# 5 month old puppy constantly play



## Sharonb1515 (Nov 30, 2016)

Ok so not sure what to do at this point. My 5 month old golden will not leave the older dogs alone....He is constantly at the older dogs...He is trying to play but is getting bigger and too rough. They try to put him in his place but he just keeps at them. I have a leash on him constantly in the house to intervene. We have tried redirecting, yelling, pulling leash and saying no, water bottle...nothing is working...I am not sure what else to do. I also exercise him and do training to tire him out...


----------



## nolefan (Nov 6, 2009)

If you don't have a crate for the main area of the house, purchase one and use it, he doesn't deserve full run of the house like the adults dogs. Other times try tethering him to your waist. Keep working with him and don't let him drive the other dogs nuts. I'm assuming you're in obedience classes with him so he can learn some self control skills and obedience? Ask around and find out if someone in class will meet you for puppy playdates. Find some other young dogs who are his size and energy level and see if a couple play dates a week might take the edge off.


----------



## Sharonb1515 (Nov 30, 2016)

he doesn't have free reign and i do have a leash on him.. He is in crate when i can't directly supervise...He did puppy class and knows his basic commands . I have been working on leave it and place...I have signed him up for daycare and he went 1 day and was exhausted when he got home...but the next day was back to antagonizing...I just feel like i am constantly having to pull him away from other dogs...I feel like he just doesnt get it.


----------



## wdadswell (Dec 17, 2015)

Totally understand!! It gets exhausting! My youngster was the same way. As soon as he got bigger, than my other dog, he would annoy her to no end! My 3 year old mutt likes to be chased and the Golden likes to wrestle and grab her neck. It-I'm sorry to say-took from 6 months of age until, just past a year, for them to agree on play styles. He's double her weight and realizes now, that bashing her around, won't get her to play with him.

He wouldn't listen to her warnings either. Now he listens, when she goes after him. I used leave it so much, I'm sure Bodie thought, that was his name. I would separate him constantly. He got baby gated in the kitchen, frequently. Tiring him out helped. Walks wouldn't do it. Love the chuck it invention! Bodie loves to chase balls. If they were in the living room together, they both got a marrow bone and it was peaceful for an hour.
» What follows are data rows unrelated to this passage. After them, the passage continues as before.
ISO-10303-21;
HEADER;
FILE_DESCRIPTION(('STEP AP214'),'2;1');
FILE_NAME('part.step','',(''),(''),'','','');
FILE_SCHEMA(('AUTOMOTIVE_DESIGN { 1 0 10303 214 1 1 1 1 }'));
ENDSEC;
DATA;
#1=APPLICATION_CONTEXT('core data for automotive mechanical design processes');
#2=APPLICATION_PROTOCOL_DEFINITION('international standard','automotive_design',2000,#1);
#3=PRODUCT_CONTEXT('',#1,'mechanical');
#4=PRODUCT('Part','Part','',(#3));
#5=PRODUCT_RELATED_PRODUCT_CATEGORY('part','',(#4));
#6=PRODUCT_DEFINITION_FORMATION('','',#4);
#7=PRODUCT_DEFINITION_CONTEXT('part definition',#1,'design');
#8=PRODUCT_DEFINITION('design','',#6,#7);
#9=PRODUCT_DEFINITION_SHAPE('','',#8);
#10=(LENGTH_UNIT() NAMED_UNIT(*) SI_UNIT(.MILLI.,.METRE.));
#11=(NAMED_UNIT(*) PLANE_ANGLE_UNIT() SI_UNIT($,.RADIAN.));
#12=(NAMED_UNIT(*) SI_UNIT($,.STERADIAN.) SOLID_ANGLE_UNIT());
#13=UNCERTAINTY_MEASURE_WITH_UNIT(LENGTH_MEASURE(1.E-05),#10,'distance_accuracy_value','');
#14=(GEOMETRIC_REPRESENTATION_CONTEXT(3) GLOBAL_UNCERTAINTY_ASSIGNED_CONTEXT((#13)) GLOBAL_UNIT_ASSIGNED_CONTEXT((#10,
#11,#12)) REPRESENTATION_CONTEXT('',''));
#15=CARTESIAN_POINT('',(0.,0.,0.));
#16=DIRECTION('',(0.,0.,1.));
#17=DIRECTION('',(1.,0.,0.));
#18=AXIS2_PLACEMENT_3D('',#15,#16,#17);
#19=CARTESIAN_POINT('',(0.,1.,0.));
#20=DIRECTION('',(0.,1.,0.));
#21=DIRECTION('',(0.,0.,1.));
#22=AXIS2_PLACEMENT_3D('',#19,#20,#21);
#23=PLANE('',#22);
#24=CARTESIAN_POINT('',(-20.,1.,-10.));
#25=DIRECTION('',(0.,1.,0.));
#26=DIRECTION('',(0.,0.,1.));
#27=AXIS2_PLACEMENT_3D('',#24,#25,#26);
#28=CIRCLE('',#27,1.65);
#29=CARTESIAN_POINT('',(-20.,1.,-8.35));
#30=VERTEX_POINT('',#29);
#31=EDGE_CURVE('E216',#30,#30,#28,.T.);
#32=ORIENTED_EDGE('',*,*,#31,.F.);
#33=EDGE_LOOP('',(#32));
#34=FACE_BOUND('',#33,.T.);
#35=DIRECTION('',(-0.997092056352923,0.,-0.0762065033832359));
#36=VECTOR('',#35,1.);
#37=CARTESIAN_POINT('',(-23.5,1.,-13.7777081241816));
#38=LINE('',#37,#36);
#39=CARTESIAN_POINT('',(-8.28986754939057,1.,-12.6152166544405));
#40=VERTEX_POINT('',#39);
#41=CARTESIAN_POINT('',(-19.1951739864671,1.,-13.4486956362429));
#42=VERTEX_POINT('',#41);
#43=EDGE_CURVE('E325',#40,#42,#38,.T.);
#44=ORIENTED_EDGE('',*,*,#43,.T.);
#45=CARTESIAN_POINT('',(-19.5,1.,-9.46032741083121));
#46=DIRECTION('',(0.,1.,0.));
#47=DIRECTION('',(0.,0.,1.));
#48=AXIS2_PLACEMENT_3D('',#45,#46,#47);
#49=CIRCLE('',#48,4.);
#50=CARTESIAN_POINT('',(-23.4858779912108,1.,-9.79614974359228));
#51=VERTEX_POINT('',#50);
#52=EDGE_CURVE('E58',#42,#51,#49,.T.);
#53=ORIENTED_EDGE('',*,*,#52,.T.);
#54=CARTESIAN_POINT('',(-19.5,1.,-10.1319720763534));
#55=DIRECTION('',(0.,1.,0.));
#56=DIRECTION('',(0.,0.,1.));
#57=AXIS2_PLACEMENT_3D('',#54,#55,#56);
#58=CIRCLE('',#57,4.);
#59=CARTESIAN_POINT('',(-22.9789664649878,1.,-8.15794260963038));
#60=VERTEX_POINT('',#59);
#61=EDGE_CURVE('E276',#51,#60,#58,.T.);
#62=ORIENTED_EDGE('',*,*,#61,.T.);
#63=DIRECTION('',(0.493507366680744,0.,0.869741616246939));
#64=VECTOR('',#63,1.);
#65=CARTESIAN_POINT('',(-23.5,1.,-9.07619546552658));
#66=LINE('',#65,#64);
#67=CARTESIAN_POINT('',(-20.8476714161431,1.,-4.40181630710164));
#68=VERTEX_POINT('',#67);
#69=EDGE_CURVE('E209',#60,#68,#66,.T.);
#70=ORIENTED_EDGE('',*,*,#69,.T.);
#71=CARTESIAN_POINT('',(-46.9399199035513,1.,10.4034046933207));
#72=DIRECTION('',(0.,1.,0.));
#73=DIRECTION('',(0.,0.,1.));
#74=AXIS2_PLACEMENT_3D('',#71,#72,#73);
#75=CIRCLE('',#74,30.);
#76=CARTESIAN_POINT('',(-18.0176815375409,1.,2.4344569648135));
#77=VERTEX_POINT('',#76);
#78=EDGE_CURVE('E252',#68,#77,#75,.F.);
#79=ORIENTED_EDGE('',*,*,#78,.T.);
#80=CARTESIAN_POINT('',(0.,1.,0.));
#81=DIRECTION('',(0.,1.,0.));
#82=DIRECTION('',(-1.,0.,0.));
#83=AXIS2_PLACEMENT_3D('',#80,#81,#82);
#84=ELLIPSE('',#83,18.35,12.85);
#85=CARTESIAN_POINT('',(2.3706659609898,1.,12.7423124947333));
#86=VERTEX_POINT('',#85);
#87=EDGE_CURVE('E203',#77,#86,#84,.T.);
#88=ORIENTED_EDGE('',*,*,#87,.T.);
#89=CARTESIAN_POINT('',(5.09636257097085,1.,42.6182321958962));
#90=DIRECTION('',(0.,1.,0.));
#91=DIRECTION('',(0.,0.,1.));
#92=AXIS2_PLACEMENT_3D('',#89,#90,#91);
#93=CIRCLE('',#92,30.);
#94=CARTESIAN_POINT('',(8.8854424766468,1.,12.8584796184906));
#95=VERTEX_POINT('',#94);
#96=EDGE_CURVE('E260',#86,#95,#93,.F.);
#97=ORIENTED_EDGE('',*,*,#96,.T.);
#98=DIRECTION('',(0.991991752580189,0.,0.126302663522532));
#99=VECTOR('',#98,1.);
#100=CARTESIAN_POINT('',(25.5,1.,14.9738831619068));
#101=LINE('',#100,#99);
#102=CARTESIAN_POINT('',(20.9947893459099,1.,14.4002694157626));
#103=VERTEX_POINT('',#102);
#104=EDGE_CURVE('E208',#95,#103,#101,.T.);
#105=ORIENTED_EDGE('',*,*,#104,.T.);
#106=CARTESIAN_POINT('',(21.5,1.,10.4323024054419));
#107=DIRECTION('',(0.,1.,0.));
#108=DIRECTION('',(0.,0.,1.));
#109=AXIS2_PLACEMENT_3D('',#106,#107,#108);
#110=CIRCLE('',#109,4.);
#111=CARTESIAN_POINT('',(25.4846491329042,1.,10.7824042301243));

To be honest, time was the cure for him. I don't think it was anything I did. All I can tell you is, it will get better


----------



## Sharonb1515 (Nov 30, 2016)

Thank you so much...it is so frustrating because i am on top of it....They are never alone and i am constantly intervening...I also praise when they play nice...I just wish i could do more! Right now they are asleep on the couch together peacefully!


----------



## aesthetic (Apr 23, 2015)

I'm not sure if this is something you've tried (I don't see it mentioned), but could you have an xpen set up or a crate that you could use to give him a timeout when he plays too roughly? My boy went through this phase at 5+ months where he was just being a giant brat and the only thing that was really effective was giving him a timeout when he got out of hand. You need to be consistent though, his behavior won't change instantaneously but if you keep with it, he'll get it eventually. It didn't take my boy more than a couple of weeks before he quit being a brat.


----------



## mylissyk (Feb 25, 2007)

At his age, your only option is to just keep them separated until he is older and better able to have some self control, and listen to you better. He will get better when he is older until then management is the only thing you can do, i.e., just separate them.


----------



## Sharonb1515 (Nov 30, 2016)

Any ideas on how long before self control happens haha


----------



## nolefan (Nov 6, 2009)

Sharonb1515 said:


> he doesn't have free reign and *i do have a leash on him*.. He is in crate when i can't directly supervise...*He did puppy class *and knows his basic commands . I have been working on leave it and place...I have signed him up for daycare and he went 1 day and was exhausted when he got home...but the next day was back to antagonizing...I just feel like i am constantly having to pull him away from other dogs...I feel like he just doesnt get it.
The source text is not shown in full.